A hybrid bio inspired neural model based on Ropalidia Marginata behavior for multi disease classification.
Maria Ali, Abdullah Khan, Dzati Athiar Ramli, Muhammad Imran, Javed Iqbal Bangash, Arshad Khan
Abstract
Open AccessAccurate and efficient disease diagnosis remains a critical challenge in the healthcare sector. With the growing availability of biomedical data, machine learning techniques have become invaluable tools for developing intelligent disease detection systems. Researchers have applied various algorithms, including artificial neural networks (ANNs), to improve classification accuracy. To further improve ANN performance, various optimization methods are applied to enhance learning and avoid the local minima problem, as each model demonstrates distinct performance characteristics. Therefore, this paper presents a hybrid Bio inspired Ropalidia Marginata Optimization-based hybrid neural network (RMO-NN) aimed at improving medical data classification.
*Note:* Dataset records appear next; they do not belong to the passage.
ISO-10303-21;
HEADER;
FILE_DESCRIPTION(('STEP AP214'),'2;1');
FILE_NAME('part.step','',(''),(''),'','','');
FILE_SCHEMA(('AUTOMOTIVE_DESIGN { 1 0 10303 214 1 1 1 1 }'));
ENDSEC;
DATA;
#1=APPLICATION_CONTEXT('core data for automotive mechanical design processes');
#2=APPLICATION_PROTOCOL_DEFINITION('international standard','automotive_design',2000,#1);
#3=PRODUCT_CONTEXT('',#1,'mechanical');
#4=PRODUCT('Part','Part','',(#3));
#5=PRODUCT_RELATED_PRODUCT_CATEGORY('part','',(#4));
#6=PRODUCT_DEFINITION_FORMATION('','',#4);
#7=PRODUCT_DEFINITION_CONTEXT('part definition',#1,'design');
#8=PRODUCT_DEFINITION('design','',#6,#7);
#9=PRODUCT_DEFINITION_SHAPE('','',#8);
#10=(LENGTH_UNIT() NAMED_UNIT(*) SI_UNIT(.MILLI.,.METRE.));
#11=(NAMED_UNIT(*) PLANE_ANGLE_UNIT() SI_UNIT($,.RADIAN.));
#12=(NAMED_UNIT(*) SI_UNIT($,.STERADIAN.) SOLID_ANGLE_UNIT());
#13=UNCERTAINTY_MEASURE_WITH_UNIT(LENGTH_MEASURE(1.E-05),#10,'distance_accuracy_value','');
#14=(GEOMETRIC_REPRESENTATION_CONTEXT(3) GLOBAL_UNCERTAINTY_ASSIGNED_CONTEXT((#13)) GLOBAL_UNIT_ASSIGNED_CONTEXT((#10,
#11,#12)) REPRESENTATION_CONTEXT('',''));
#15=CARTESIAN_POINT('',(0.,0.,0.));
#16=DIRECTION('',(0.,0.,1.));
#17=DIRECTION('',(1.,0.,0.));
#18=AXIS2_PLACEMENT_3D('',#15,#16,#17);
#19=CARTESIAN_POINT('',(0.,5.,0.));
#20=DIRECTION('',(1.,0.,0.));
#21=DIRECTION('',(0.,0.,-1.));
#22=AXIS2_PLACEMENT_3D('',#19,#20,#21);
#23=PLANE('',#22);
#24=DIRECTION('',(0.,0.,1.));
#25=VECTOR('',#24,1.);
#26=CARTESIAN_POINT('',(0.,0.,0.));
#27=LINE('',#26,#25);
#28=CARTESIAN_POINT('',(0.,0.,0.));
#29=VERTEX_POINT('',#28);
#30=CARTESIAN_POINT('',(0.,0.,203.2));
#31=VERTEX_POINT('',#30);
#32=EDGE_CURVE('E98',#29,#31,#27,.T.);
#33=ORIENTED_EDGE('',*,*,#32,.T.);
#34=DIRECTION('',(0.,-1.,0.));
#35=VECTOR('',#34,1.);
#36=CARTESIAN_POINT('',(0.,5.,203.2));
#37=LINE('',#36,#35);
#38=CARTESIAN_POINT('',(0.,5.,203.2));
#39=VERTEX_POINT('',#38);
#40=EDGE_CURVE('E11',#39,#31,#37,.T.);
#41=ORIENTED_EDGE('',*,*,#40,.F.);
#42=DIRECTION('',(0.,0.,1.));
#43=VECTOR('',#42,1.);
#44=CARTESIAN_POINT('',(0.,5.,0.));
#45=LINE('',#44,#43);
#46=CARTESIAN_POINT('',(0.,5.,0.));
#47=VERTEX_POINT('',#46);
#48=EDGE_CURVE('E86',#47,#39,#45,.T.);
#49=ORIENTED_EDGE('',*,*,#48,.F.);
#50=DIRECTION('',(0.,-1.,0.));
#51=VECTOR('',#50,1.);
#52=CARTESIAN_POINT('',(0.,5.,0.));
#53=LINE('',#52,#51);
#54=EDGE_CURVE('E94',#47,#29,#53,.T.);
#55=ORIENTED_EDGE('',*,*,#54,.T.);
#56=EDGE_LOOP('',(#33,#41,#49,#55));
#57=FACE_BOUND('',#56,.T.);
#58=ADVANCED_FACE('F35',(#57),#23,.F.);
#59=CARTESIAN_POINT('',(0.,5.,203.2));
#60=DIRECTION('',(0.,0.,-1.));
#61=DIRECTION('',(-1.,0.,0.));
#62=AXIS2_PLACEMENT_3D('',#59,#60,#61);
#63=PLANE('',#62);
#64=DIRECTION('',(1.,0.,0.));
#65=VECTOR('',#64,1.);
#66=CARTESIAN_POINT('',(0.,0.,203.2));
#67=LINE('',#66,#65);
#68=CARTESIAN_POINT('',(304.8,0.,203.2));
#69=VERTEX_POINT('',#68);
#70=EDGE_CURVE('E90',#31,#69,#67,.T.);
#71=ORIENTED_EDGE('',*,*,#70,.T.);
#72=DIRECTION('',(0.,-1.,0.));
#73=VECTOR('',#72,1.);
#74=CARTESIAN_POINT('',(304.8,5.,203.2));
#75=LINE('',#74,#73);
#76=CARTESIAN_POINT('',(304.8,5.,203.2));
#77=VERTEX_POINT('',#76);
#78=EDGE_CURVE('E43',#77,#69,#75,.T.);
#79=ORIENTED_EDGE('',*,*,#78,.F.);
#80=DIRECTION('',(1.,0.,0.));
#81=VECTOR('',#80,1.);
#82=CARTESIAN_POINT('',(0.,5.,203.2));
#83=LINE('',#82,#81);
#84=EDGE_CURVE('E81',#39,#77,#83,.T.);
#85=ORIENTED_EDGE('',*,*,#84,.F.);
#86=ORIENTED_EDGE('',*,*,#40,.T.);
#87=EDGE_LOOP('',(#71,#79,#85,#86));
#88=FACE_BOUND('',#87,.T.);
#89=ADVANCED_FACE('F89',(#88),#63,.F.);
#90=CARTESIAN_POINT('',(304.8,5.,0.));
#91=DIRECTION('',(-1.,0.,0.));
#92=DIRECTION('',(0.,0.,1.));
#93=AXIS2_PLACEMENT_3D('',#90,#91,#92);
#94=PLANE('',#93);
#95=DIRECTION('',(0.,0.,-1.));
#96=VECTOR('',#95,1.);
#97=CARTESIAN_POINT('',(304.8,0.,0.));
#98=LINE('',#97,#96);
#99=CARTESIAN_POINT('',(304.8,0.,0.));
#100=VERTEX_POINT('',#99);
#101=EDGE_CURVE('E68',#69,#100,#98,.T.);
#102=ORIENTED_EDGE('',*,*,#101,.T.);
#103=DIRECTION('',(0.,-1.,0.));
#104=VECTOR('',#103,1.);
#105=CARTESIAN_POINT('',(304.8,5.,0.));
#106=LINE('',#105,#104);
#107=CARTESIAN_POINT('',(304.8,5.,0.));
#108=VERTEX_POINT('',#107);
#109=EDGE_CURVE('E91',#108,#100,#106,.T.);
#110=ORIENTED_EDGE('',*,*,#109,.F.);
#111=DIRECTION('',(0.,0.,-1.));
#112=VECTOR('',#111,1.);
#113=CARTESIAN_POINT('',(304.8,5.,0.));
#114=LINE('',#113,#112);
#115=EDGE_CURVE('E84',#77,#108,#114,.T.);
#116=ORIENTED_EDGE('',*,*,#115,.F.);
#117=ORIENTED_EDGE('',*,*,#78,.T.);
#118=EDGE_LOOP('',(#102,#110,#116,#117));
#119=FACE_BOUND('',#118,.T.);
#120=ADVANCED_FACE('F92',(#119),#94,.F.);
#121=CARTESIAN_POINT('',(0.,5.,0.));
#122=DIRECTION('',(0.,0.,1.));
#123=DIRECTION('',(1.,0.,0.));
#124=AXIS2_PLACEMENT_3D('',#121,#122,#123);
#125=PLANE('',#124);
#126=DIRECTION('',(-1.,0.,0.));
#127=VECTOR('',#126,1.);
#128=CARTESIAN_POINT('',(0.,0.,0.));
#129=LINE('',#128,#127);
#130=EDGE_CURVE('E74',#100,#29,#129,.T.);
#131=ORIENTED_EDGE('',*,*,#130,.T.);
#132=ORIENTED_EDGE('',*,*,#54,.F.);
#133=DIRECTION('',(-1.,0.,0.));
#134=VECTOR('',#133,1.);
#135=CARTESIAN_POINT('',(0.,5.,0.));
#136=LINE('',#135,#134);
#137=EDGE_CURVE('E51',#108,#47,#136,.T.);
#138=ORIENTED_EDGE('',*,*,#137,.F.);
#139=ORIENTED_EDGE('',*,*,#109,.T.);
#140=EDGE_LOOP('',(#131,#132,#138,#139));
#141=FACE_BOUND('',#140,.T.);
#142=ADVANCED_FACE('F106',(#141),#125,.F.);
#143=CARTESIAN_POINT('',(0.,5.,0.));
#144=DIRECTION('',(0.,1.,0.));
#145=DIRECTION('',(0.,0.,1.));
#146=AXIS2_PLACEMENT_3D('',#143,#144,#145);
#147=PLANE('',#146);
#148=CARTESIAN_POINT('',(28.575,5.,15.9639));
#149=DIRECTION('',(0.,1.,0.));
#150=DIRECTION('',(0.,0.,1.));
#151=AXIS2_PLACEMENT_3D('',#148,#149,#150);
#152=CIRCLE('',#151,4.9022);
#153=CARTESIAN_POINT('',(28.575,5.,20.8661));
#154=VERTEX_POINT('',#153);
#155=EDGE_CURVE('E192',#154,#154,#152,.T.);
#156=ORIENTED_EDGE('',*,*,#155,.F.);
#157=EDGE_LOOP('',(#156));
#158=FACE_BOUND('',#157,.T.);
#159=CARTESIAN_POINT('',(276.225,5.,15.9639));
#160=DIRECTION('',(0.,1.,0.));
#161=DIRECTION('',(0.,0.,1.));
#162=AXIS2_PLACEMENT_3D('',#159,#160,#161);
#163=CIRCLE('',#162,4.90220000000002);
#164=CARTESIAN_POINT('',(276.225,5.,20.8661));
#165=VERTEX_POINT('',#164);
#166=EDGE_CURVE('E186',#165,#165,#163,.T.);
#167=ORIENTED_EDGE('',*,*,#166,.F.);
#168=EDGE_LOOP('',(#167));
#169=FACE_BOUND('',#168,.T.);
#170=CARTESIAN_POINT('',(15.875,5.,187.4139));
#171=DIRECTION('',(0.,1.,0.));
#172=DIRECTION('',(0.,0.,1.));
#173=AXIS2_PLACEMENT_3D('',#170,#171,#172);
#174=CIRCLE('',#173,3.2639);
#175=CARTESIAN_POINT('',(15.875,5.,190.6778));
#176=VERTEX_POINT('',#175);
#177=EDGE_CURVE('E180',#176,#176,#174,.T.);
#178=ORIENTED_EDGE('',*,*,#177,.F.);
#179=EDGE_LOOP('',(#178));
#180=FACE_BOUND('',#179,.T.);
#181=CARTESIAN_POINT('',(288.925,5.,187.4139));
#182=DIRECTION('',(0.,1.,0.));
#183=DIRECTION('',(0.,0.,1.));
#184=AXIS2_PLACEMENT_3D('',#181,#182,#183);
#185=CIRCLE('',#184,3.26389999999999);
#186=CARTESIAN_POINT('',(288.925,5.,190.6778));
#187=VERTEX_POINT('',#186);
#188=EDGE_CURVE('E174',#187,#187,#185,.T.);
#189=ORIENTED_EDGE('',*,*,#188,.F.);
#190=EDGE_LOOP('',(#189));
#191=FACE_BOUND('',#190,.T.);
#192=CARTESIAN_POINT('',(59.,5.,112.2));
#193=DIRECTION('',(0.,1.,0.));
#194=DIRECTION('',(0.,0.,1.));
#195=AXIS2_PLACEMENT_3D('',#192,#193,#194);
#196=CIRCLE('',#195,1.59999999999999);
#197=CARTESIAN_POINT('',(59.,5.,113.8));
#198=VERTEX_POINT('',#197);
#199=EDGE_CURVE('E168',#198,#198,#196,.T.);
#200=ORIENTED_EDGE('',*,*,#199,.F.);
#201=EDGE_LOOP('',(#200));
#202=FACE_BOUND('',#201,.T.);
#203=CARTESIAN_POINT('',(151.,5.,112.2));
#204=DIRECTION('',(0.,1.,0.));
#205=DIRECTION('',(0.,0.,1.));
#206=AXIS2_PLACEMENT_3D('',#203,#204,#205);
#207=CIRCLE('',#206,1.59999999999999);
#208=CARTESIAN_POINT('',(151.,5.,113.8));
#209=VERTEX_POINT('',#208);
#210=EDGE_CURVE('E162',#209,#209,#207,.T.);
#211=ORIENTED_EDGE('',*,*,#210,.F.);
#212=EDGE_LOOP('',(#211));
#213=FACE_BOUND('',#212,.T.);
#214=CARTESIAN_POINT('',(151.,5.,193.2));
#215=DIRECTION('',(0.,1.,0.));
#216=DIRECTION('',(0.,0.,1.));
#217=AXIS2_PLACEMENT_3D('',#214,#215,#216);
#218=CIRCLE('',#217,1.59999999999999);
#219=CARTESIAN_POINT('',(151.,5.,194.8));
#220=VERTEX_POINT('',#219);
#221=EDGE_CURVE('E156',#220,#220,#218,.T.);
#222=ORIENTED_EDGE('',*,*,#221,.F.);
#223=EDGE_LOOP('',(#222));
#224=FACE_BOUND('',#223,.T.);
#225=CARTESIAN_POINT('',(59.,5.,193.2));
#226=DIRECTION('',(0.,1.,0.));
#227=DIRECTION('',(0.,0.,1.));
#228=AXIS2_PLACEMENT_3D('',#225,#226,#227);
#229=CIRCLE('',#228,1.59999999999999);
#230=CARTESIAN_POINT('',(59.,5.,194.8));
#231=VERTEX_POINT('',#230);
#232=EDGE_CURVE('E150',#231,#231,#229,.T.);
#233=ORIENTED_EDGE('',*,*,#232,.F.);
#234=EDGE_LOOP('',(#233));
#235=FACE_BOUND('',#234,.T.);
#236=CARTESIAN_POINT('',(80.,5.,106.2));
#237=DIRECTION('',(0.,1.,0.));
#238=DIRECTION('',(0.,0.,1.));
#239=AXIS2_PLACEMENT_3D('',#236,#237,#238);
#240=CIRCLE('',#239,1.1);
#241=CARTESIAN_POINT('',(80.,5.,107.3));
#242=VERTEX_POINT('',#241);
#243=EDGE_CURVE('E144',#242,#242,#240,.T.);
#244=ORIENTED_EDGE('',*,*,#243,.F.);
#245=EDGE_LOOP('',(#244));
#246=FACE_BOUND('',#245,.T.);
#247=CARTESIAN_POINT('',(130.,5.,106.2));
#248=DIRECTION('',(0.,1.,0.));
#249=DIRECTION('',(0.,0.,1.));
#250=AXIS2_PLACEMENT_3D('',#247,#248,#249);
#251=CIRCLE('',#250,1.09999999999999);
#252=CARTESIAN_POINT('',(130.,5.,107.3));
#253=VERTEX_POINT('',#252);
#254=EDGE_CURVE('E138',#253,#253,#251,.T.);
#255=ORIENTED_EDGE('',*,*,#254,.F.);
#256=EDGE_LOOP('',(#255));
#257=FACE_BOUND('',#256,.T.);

The proposed RMO-NN incorporates biologically inspired task allocation and dominance hierarchy mechanisms from RMO to optimize neural network learning performance effectively and reducing classification errors. To validate its effectiveness, the RMO-NN is tested on three large-scale medical datasets such as breast cancer, diabetes, and blood transfusion datasets and three medical images datasets. The performance of the proposed model is compared against two established metaheuristic neural models: Cuckoo Search Neural Network (CSNN) and Artificial Bee Colony Neural Network (ABCNN). The proposed RMO-NN model outperforms CSNN and ABCNN in terms of accuracy, MSE, SD, and convergence speed. And for medical images datasets the proposed is further validated with various start of art deep learning models. The results highlight the proposed model perform better on biomedical data classification tasks. The Proposed method significantly outperforms baseline approaches, achieving substantial accuracy, while introducing a novel RMO algorithm.